■ Aim of the exercise
Where the line with "#132=ORIENTED_EDGE('',*,*,#131,.T.);" appears below, start writing out lines exactly, and finish with the line with "#156=DIRECTION('',(0.,0.,1.));", which is included; write out nothing else.

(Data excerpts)
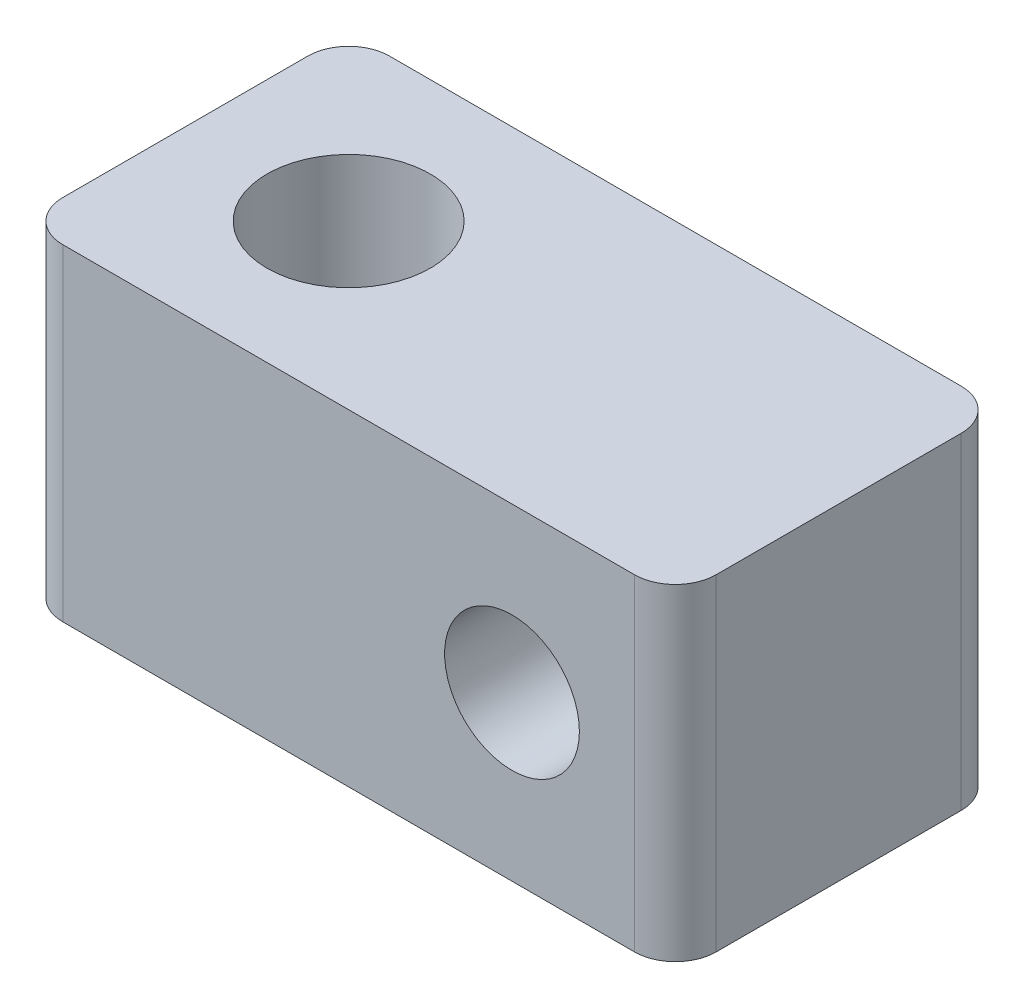
ISO-10303-21;
HEADER;
FILE_DESCRIPTION(('STEP AP214'),'2;1');
FILE_NAME('part.step','',(''),(''),'','','');
FILE_SCHEMA(('AUTOMOTIVE_DESIGN { 1 0 10303 214 1 1 1 1 }'));
ENDSEC;
DATA;
#1=APPLICATION_CONTEXT('core data for automotive mechanical design processes');
#2=APPLICATION_PROTOCOL_DEFINITION('international standard','automotive_design',2000,#1);
#3=PRODUCT_CONTEXT('',#1,'mechanical');
#4=PRODUCT('Part','Part','',(#3));
#5=PRODUCT_RELATED_PRODUCT_CATEGORY('part','',(#4));
#6=PRODUCT_DEFINITION_FORMATION('','',#4);
#7=PRODUCT_DEFINITION_CONTEXT('part definition',#1,'design');
#8=PRODUCT_DEFINITION('design','',#6,#7);
#9=PRODUCT_DEFINITION_SHAPE('','',#8);
#10=(LENGTH_UNIT() NAMED_UNIT(*) SI_UNIT(.MILLI.,.METRE.));
#11=(NAMED_UNIT(*) PLANE_ANGLE_UNIT() SI_UNIT($,.RADIAN.));
#12=(NAMED_UNIT(*) SI_UNIT($,.STERADIAN.) SOLID_ANGLE_UNIT());
#13=UNCERTAINTY_MEASURE_WITH_UNIT(LENGTH_MEASURE(1.E-05),#10,'distance_accuracy_value','');
#14=(GEOMETRIC_REPRESENTATION_CONTEXT(3) GLOBAL_UNCERTAINTY_ASSIGNED_CONTEXT((#13)) GLOBAL_UNIT_ASSIGNED_CONTEXT((#10,
#11,#12)) REPRESENTATION_CONTEXT('',''));
#15=CARTESIAN_POINT('',(0.,0.,0.));
#16=DIRECTION('',(0.,0.,1.));
#17=DIRECTION('',(1.,0.,0.));
#18=AXIS2_PLACEMENT_3D('',#15,#16,#17);
#19=CARTESIAN_POINT('',(8.,8.,-4.));
#20=DIRECTION('',(-1.,0.,0.));
#21=DIRECTION('',(0.,0.,1.));
#22=AXIS2_PLACEMENT_3D('',#19,#20,#21);
#23=PLANE('',#22);
#24=DIRECTION('',(0.,0.,-1.));
#25=VECTOR('',#24,1.);
#26=CARTESIAN_POINT('',(8.,8.,-4.));
#27=LINE('',#26,#25);
#28=CARTESIAN_POINT('',(8.,8.,3.));
#29=VERTEX_POINT('',#28);
#30=CARTESIAN_POINT('',(8.,8.,-3.));
#31=VERTEX_POINT('',#30);
#32=EDGE_CURVE('E124',#29,#31,#27,.T.);
#33=ORIENTED_EDGE('',*,*,#32,.F.);
#34=DIRECTION('',(0.,-1.,0.));
#35=VECTOR('',#34,1.);
#36=CARTESIAN_POINT('',(8.,8.,3.));
#37=LINE('',#36,#35);
#38=CARTESIAN_POINT('',(8.,0.,3.));
#39=VERTEX_POINT('',#38);
#40=EDGE_CURVE('E109',#29,#39,#37,.T.);
#41=ORIENTED_EDGE('',*,*,#40,.T.);
#42=DIRECTION('',(0.,0.,-1.));
#43=VECTOR('',#42,1.);
#44=CARTESIAN_POINT('',(8.,0.,-4.));
#45=LINE('',#44,#43);
#46=CARTESIAN_POINT('',(8.,0.,-3.));
#47=VERTEX_POINT('',#46);
#48=EDGE_CURVE('E121',#39,#47,#45,.T.);
#49=ORIENTED_EDGE('',*,*,#48,.T.);
#50=DIRECTION('',(0.,-1.,0.));
#51=VECTOR('',#50,1.);
#52=CARTESIAN_POINT('',(8.,8.,-3.));
#53=LINE('',#52,#51);
#54=EDGE_CURVE('E126',#47,#31,#53,.F.);
#55=ORIENTED_EDGE('',*,*,#54,.T.);
#56=EDGE_LOOP('',(#33,#41,#49,#55));
#57=FACE_BOUND('',#56,.T.);
#58=ADVANCED_FACE('F38',(#57),#23,.F.);
#59=CARTESIAN_POINT('',(-8.,8.,-4.));
#60=DIRECTION('',(0.,0.,1.));
#61=DIRECTION('',(1.,0.,0.));
#62=AXIS2_PLACEMENT_3D('',#59,#60,#61);
#63=PLANE('',#62);
#64=CARTESIAN_POINT('',(4.,4.,-4.));
#65=DIRECTION('',(0.,0.,1.));
#66=DIRECTION('',(1.,0.,0.));
#67=AXIS2_PLACEMENT_3D('',#64,#65,#66);
#68=CIRCLE('',#67,1.64999999999999);
#69=CARTESIAN_POINT('',(5.64999999999999,4.,-4.));
#70=VERTEX_POINT('',#69);
#71=EDGE_CURVE('E132',#70,#70,#68,.T.);
#72=ORIENTED_EDGE('',*,*,#71,.T.);
#73=EDGE_LOOP('',(#72));
#74=FACE_BOUND('',#73,.T.);
#75=DIRECTION('',(-1.,0.,0.));
#76=VECTOR('',#75,1.);
#77=CARTESIAN_POINT('',(-8.,0.,-4.));
#78=LINE('',#77,#76);
#79=CARTESIAN_POINT('',(7.,0.,-4.));
#80=VERTEX_POINT('',#79);
#81=CARTESIAN_POINT('',(-7.,0.,-4.));
#82=VERTEX_POINT('',#81);
#83=EDGE_CURVE('E131',#80,#82,#78,.T.);
#84=ORIENTED_EDGE('',*,*,#83,.T.);
#85=DIRECTION('',(0.,-1.,0.));
#86=VECTOR('',#85,1.);
#87=CARTESIAN_POINT('',(-7.,8.,-4.));
#88=LINE('',#87,#86);
#89=CARTESIAN_POINT('',(-7.,8.,-4.));
#90=VERTEX_POINT('',#89);
#91=EDGE_CURVE('E11',#82,#90,#88,.F.);
#92=ORIENTED_EDGE('',*,*,#91,.T.);
#93=DIRECTION('',(-1.,0.,0.));
#94=VECTOR('',#93,1.);
#95=CARTESIAN_POINT('',(-8.,8.,-4.));
#96=LINE('',#95,#94);
#97=CARTESIAN_POINT('',(7.,8.,-4.));
#98=VERTEX_POINT('',#97);
#99=EDGE_CURVE('E171',#98,#90,#96,.T.);
#100=ORIENTED_EDGE('',*,*,#99,.F.);
#101=DIRECTION('',(0.,-1.,0.));
#102=VECTOR('',#101,1.);
#103=CARTESIAN_POINT('',(7.,8.,-4.));
#104=LINE('',#103,#102);
#105=EDGE_CURVE('E47',#98,#80,#104,.T.);
#106=ORIENTED_EDGE('',*,*,#105,.T.);
#107=EDGE_LOOP('',(#84,#92,#100,#106));
#108=FACE_BOUND('',#107,.T.);
#109=ADVANCED_FACE('F169',(#74,#108),#63,.F.);
#110=CARTESIAN_POINT('',(-8.,8.,-4.));
#111=DIRECTION('',(1.,0.,0.));
#112=DIRECTION('',(0.,0.,-1.));
#113=AXIS2_PLACEMENT_3D('',#110,#111,#112);
#114=PLANE('',#113);
#115=DIRECTION('',(0.,0.,1.));
#116=VECTOR('',#115,1.);
#117=CARTESIAN_POINT('',(-8.,8.,-4.));
#118=LINE('',#117,#116);
#119=CARTESIAN_POINT('',(-8.,8.,-3.));
#120=VERTEX_POINT('',#119);
#121=CARTESIAN_POINT('',(-8.,8.,3.));
#122=VERTEX_POINT('',#121);
#123=EDGE_CURVE('E179',#120,#122,#118,.T.);
#124=ORIENTED_EDGE('',*,*,#123,.F.);
#125=DIRECTION('',(0.,-1.,0.));
#126=VECTOR('',#125,1.);
#127=CARTESIAN_POINT('',(-8.,8.,-3.));
#128=LINE('',#127,#126);
#129=CARTESIAN_POINT('',(-8.,0.,-3.));
#130=VERTEX_POINT('',#129);
#131=EDGE_CURVE('E162',#120,#130,#128,.T.);
#132=ORIENTED_EDGE('',*,*,#131,.T.);
#133=DIRECTION('',(0.,0.,1.));
#134=VECTOR('',#133,1.);
#135=CARTESIAN_POINT('',(-8.,0.,-4.));
#136=LINE('',#135,#134);
#137=CARTESIAN_POINT('',(-8.,0.,3.));
#138=VERTEX_POINT('',#137);
#139=EDGE_CURVE('E135',#130,#138,#136,.T.);
#140=ORIENTED_EDGE('',*,*,#139,.T.);
#141=DIRECTION('',(0.,-1.,0.));
#142=VECTOR('',#141,1.);
#143=CARTESIAN_POINT('',(-8.,8.,3.));
#144=LINE('',#143,#142);
#145=EDGE_CURVE('E54',#138,#122,#144,.F.);
#146=ORIENTED_EDGE('',*,*,#145,.T.);
#147=EDGE_LOOP('',(#124,#132,#140,#146));
#148=FACE_BOUND('',#147,.T.);
#149=ADVANCED_FACE('F178',(#148),#114,.F.);
#150=CARTESIAN_POINT('',(-8.,8.,4.));
#151=DIRECTION('',(0.,0.,-1.));
#152=DIRECTION('',(-1.,0.,0.));
#153=AXIS2_PLACEMENT_3D('',#150,#151,#152);
#154=PLANE('',#153);
#155=CARTESIAN_POINT('',(4.,4.,4.));
#156=DIRECTION('',(0.,0.,1.));
#157=DIRECTION('',(1.,0.,0.));
#158=AXIS2_PLACEMENT_3D('',#155,#156,#157);
#159=CIRCLE('',#158,1.64999999999999);
#160=CARTESIAN_POINT('',(5.64999999999999,4.,4.));
#161=VERTEX_POINT('',#160);
#162=EDGE_CURVE('E138',#161,#161,#159,.T.);
#163=ORIENTED_EDGE('',*,*,#162,.F.);
#164=EDGE_LOOP('',(#163));
#165=FACE_BOUND('',#164,.T.);
#166=DIRECTION('',(1.,0.,0.));
#167=VECTOR('',#166,1.);
#168=CARTESIAN_POINT('',(-8.,0.,4.));
#169=LINE('',#168,#167);
#170=CARTESIAN_POINT('',(-7.,0.,4.));
#171=VERTEX_POINT('',#170);
#172=CARTESIAN_POINT('',(7.,0.,4.));
#173=VERTEX_POINT('',#172);
#174=EDGE_CURVE('E145',#171,#173,#169,.T.);
#175=ORIENTED_EDGE('',*,*,#174,.T.);
#176=DIRECTION('',(0.,-1.,0.));
#177=VECTOR('',#176,1.);
#178=CARTESIAN_POINT('',(7.,8.,4.));
#179=LINE('',#178,#177);
#180=CARTESIAN_POINT('',(7.,8.,4.));
#181=VERTEX_POINT('',#180);
#182=EDGE_CURVE('E110',#173,#181,#179,.F.);
#183=ORIENTED_EDGE('',*,*,#182,.T.);
#184=DIRECTION('',(1.,0.,0.));
#185=VECTOR('',#184,1.);
#186=CARTESIAN_POINT('',(-8.,8.,4.));
#187=LINE('',#186,#185);
#188=CARTESIAN_POINT('',(-7.,8.,4.));
#189=VERTEX_POINT('',#188);
#190=EDGE_CURVE('E141',#189,#181,#187,.T.);
#191=ORIENTED_EDGE('',*,*,#190,.F.);
#192=DIRECTION('',(0.,-1.,0.));
#193=VECTOR('',#192,1.);
#194=CARTESIAN_POINT('',(-7.,8.,4.));
#195=LINE('',#194,#193);
#196=EDGE_CURVE('E115',#189,#171,#195,.T.);
#197=ORIENTED_EDGE('',*,*,#196,.T.);
#198=EDGE_LOOP('',(#175,#183,#191,#197));
#199=FACE_BOUND('',#198,.T.);
#200=ADVANCED_FACE('F224',(#165,#199),#154,.F.);
#201=CARTESIAN_POINT('',(0.,8.,0.));
#202=DIRECTION('',(0.,1.,0.));
#203=DIRECTION('',(0.,0.,1.));
#204=AXIS2_PLACEMENT_3D('',#201,#202,#203);
#205=PLANE('',#204);
#206=CARTESIAN_POINT('',(-4.,8.,0.));
#207=DIRECTION('',(0.,1.,0.));
#208=DIRECTION('',(0.,0.,1.));
#209=AXIS2_PLACEMENT_3D('',#206,#207,#208);
#210=CIRCLE('',#209,2.);
#211=CARTESIAN_POINT('',(-4.,8.,2.));
#212=VERTEX_POINT('',#211);
#213=EDGE_CURVE('E187',#212,#212,#210,.T.);
#214=ORIENTED_EDGE('',*,*,#213,.F.);
#215=EDGE_LOOP('',(#214));
#216=FACE_BOUND('',#215,.T.);
#217=ORIENTED_EDGE('',*,*,#190,.T.);
#218=CARTESIAN_POINT('',(7.,8.,3.));
#219=DIRECTION('',(0.,1.,0.));
#220=DIRECTION('',(0.,0.,1.));
#221=AXIS2_PLACEMENT_3D('',#218,#219,#220);
#222=CIRCLE('',#221,1.);
#223=EDGE_CURVE('E159',#181,#29,#222,.T.);
#224=ORIENTED_EDGE('',*,*,#223,.T.);
#225=ORIENTED_EDGE('',*,*,#32,.T.);
#226=CARTESIAN_POINT('',(7.,8.,-3.));
#227=DIRECTION('',(0.,1.,0.));
#228=DIRECTION('',(0.,0.,1.));
#229=AXIS2_PLACEMENT_3D('',#226,#227,#228);
#230=CIRCLE('',#229,1.);
#231=EDGE_CURVE('E156',#31,#98,#230,.T.);
#232=ORIENTED_EDGE('',*,*,#231,.T.);
#233=ORIENTED_EDGE('',*,*,#99,.T.);
#234=CARTESIAN_POINT('',(-7.,8.,-3.));
#235=DIRECTION('',(0.,1.,0.));
#236=DIRECTION('',(0.,0.,1.));
#237=AXIS2_PLACEMENT_3D('',#234,#235,#236);
#238=CIRCLE('',#237,1.);
#239=EDGE_CURVE('E61',#90,#120,#238,.T.);
#240=ORIENTED_EDGE('',*,*,#239,.T.);
#241=ORIENTED_EDGE('',*,*,#123,.T.);
#242=CARTESIAN_POINT('',(-7.,8.,3.));
#243=DIRECTION('',(0.,1.,0.));
#244=DIRECTION('',(0.,0.,1.));
#245=AXIS2_PLACEMENT_3D('',#242,#243,#244);
#246=CIRCLE('',#245,1.);
#247=EDGE_CURVE('E154',#122,#189,#246,.T.);
#248=ORIENTED_EDGE('',*,*,#247,.T.);
#249=EDGE_LOOP('',(#217,#224,#225,#232,#233,#240,#241,#248));
#250=FACE_BOUND('',#249,.T.);
#251=ADVANCED_FACE('F220',(#216,#250),#205,.T.);
#252=CARTESIAN_POINT('',(0.,0.,0.));
#253=DIRECTION('',(0.,1.,0.));
#254=DIRECTION('',(0.,0.,1.));
#255=AXIS2_PLACEMENT_3D('',#252,#253,#254);
#256=PLANE('',#255);
#257=CARTESIAN_POINT('',(-4.,0.,0.));
#258=DIRECTION('',(0.,1.,0.));
#259=DIRECTION('',(0.,0.,1.));
#260=AXIS2_PLACEMENT_3D('',#257,#258,#259);
#261=CIRCLE('',#260,2.);
#262=CARTESIAN_POINT('',(-4.,0.,2.));
#263=VERTEX_POINT('',#262);
#264=EDGE_CURVE('E42',#263,#263,#261,.T.);
#265=ORIENTED_EDGE('',*,*,#264,.T.);
#266=EDGE_LOOP('',(#265));
#267=FACE_BOUND('',#266,.T.);
#268=ORIENTED_EDGE('',*,*,#48,.F.);
#269=CARTESIAN_POINT('',(7.,0.,3.));
#270=DIRECTION('',(0.,1.,0.));
#271=DIRECTION('',(0.,0.,1.));
#272=AXIS2_PLACEMENT_3D('',#269,#270,#271);
#273=CIRCLE('',#272,1.);
#274=EDGE_CURVE('E105',#39,#173,#273,.F.);
#275=ORIENTED_EDGE('',*,*,#274,.T.);
#276=ORIENTED_EDGE('',*,*,#174,.F.);
#277=CARTESIAN_POINT('',(-7.,0.,3.));
#278=DIRECTION('',(0.,1.,0.));
#279=DIRECTION('',(0.,0.,1.));
#280=AXIS2_PLACEMENT_3D('',#277,#278,#279);
#281=CIRCLE('',#280,1.);
#282=EDGE_CURVE('E125',#171,#138,#281,.F.);
#283=ORIENTED_EDGE('',*,*,#282,.T.);
#284=ORIENTED_EDGE('',*,*,#139,.F.);
#285=CARTESIAN_POINT('',(-7.,0.,-3.));
#286=DIRECTION('',(0.,1.,0.));
#287=DIRECTION('',(0.,0.,1.));
#288=AXIS2_PLACEMENT_3D('',#285,#286,#287);
#289=CIRCLE('',#288,1.);
#290=EDGE_CURVE('E116',#130,#82,#289,.F.);
#291=ORIENTED_EDGE('',*,*,#290,.T.);
#292=ORIENTED_EDGE('',*,*,#83,.F.);
#293=CARTESIAN_POINT('',(7.,0.,-3.));
#294=DIRECTION('',(0.,1.,0.));
#295=DIRECTION('',(0.,0.,1.));
#296=AXIS2_PLACEMENT_3D('',#293,#294,#295);
#297=CIRCLE('',#296,1.);
#298=EDGE_CURVE('E130',#80,#47,#297,.F.);
#299=ORIENTED_EDGE('',*,*,#298,.T.);
#300=EDGE_LOOP('',(#268,#275,#276,#283,#284,#291,#292,#299));
#301=FACE_BOUND('',#300,.T.);
#302=ADVANCED_FACE('F128',(#267,#301),#256,.F.);
#303=CARTESIAN_POINT('',(4.,4.,4.));
#304=DIRECTION('',(0.,0.,1.));
#305=DIRECTION('',(1.,0.,0.));
#306=AXIS2_PLACEMENT_3D('',#303,#304,#305);
#307=CYLINDRICAL_SURFACE('',#306,1.64999999999999);
#308=ORIENTED_EDGE('',*,*,#162,.T.);
#309=EDGE_LOOP('',(#308));
#310=FACE_BOUND('',#309,.T.);
#311=ORIENTED_EDGE('',*,*,#71,.F.);
#312=EDGE_LOOP('',(#311));
#313=FACE_BOUND('',#312,.T.);
#314=ADVANCED_FACE('F215',(#310,#313),#307,.F.);
#315=CARTESIAN_POINT('',(7.,8.,3.));
#316=DIRECTION('',(0.,-1.,0.));
#317=DIRECTION('',(0.,0.,-1.));
#318=AXIS2_PLACEMENT_3D('',#315,#316,#317);
#319=CYLINDRICAL_SURFACE('',#318,1.);
#320=ORIENTED_EDGE('',*,*,#223,.F.);
#321=ORIENTED_EDGE('',*,*,#182,.F.);
#322=ORIENTED_EDGE('',*,*,#274,.F.);
#323=ORIENTED_EDGE('',*,*,#40,.F.);
#324=EDGE_LOOP('',(#320,#321,#322,#323));
#325=FACE_BOUND('',#324,.T.);
#326=ADVANCED_FACE('F108',(#325),#319,.T.);
#327=CARTESIAN_POINT('',(-7.,8.,-3.));
#328=DIRECTION('',(0.,-1.,0.));
#329=DIRECTION('',(0.,0.,-1.));
#330=AXIS2_PLACEMENT_3D('',#327,#328,#329);
#331=CYLINDRICAL_SURFACE('',#330,1.);
#332=ORIENTED_EDGE('',*,*,#239,.F.);
#333=ORIENTED_EDGE('',*,*,#91,.F.);
#334=ORIENTED_EDGE('',*,*,#290,.F.);
#335=ORIENTED_EDGE('',*,*,#131,.F.);
#336=EDGE_LOOP('',(#332,#333,#334,#335));
#337=FACE_BOUND('',#336,.T.);
#338=ADVANCED_FACE('F177',(#337),#331,.T.);
#339=CARTESIAN_POINT('',(7.,8.,-3.));
#340=DIRECTION('',(0.,-1.,0.));
#341=DIRECTION('',(0.,0.,-1.));
#342=AXIS2_PLACEMENT_3D('',#339,#340,#341);
#343=CYLINDRICAL_SURFACE('',#342,1.);
#344=ORIENTED_EDGE('',*,*,#231,.F.);
#345=ORIENTED_EDGE('',*,*,#54,.F.);
#346=ORIENTED_EDGE('',*,*,#298,.F.);
#347=ORIENTED_EDGE('',*,*,#105,.F.);
#348=EDGE_LOOP('',(#344,#345,#346,#347));
#349=FACE_BOUND('',#348,.T.);
#350=ADVANCED_FACE('F201',(#349),#343,.T.);
#351=CARTESIAN_POINT('',(-7.,8.,3.));
#352=DIRECTION('',(0.,-1.,0.));
#353=DIRECTION('',(0.,0.,-1.));
#354=AXIS2_PLACEMENT_3D('',#351,#352,#353);
#355=CYLINDRICAL_SURFACE('',#354,1.);
#356=ORIENTED_EDGE('',*,*,#247,.F.);
#357=ORIENTED_EDGE('',*,*,#145,.F.);
#358=ORIENTED_EDGE('',*,*,#282,.F.);
#359=ORIENTED_EDGE('',*,*,#196,.F.);
#360=EDGE_LOOP('',(#356,#357,#358,#359));
#361=FACE_BOUND('',#360,.T.);
#362=ADVANCED_FACE('F40',(#361),#355,.T.);
#363=CARTESIAN_POINT('',(-4.,-2.,0.));
#364=DIRECTION('',(0.,1.,0.));
#365=DIRECTION('',(0.,0.,1.));
#366=AXIS2_PLACEMENT_3D('',#363,#364,#365);
#367=CYLINDRICAL_SURFACE('',#366,2.);
#368=ORIENTED_EDGE('',*,*,#213,.T.);
#369=EDGE_LOOP('',(#368));
#370=FACE_BOUND('',#369,.T.);
#371=ORIENTED_EDGE('',*,*,#264,.F.);
#372=EDGE_LOOP('',(#371));
#373=FACE_BOUND('',#372,.T.);
#374=ADVANCED_FACE('F195',(#370,#373),#367,.F.);
#375=CLOSED_SHELL('',(#58,#109,#149,#200,#251,#302,#314,#326,#338,#350,#362,#374));
#376=MANIFOLD_SOLID_BREP('B2',#375);
#377=ADVANCED_BREP_SHAPE_REPRESENTATION('',(#18,#376),#14);
#378=SHAPE_DEFINITION_REPRESENTATION(#9,#377);
ENDSEC;
END-ISO-10303-21;

■ Reply
#132=ORIENTED_EDGE('',*,*,#131,.T.);
#133=DIRECTION('',(0.,0.,1.));
#134=VECTOR('',#133,1.);
#135=CARTESIAN_POINT('',(-8.,0.,-4.));
#136=LINE('',#135,#134);
#137=CARTESIAN_POINT('',(-8.,0.,3.));
#138=VERTEX_POINT('',#137);
#139=EDGE_CURVE('E135',#130,#138,#136,.T.);
#140=ORIENTED_EDGE('',*,*,#139,.T.);
#141=DIRECTION('',(0.,-1.,0.));
#142=VECTOR('',#141,1.);
#143=CARTESIAN_POINT('',(-8.,8.,3.));
#144=LINE('',#143,#142);
#145=EDGE_CURVE('E54',#138,#122,#144,.F.);
#146=ORIENTED_EDGE('',*,*,#145,.T.);
#147=EDGE_LOOP('',(#124,#132,#140,#146));
#148=FACE_BOUND('',#147,.T.);
#149=ADVANCED_FACE('F178',(#148),#114,.F.);
#150=CARTESIAN_POINT('',(-8.,8.,4.));
#151=DIRECTION('',(0.,0.,-1.));
#152=DIRECTION('',(-1.,0.,0.));
#153=AXIS2_PLACEMENT_3D('',#150,#151,#152);
#154=PLANE('',#153);
#155=CARTESIAN_POINT('',(4.,4.,4.));
#156=DIRECTION('',(0.,0.,1.));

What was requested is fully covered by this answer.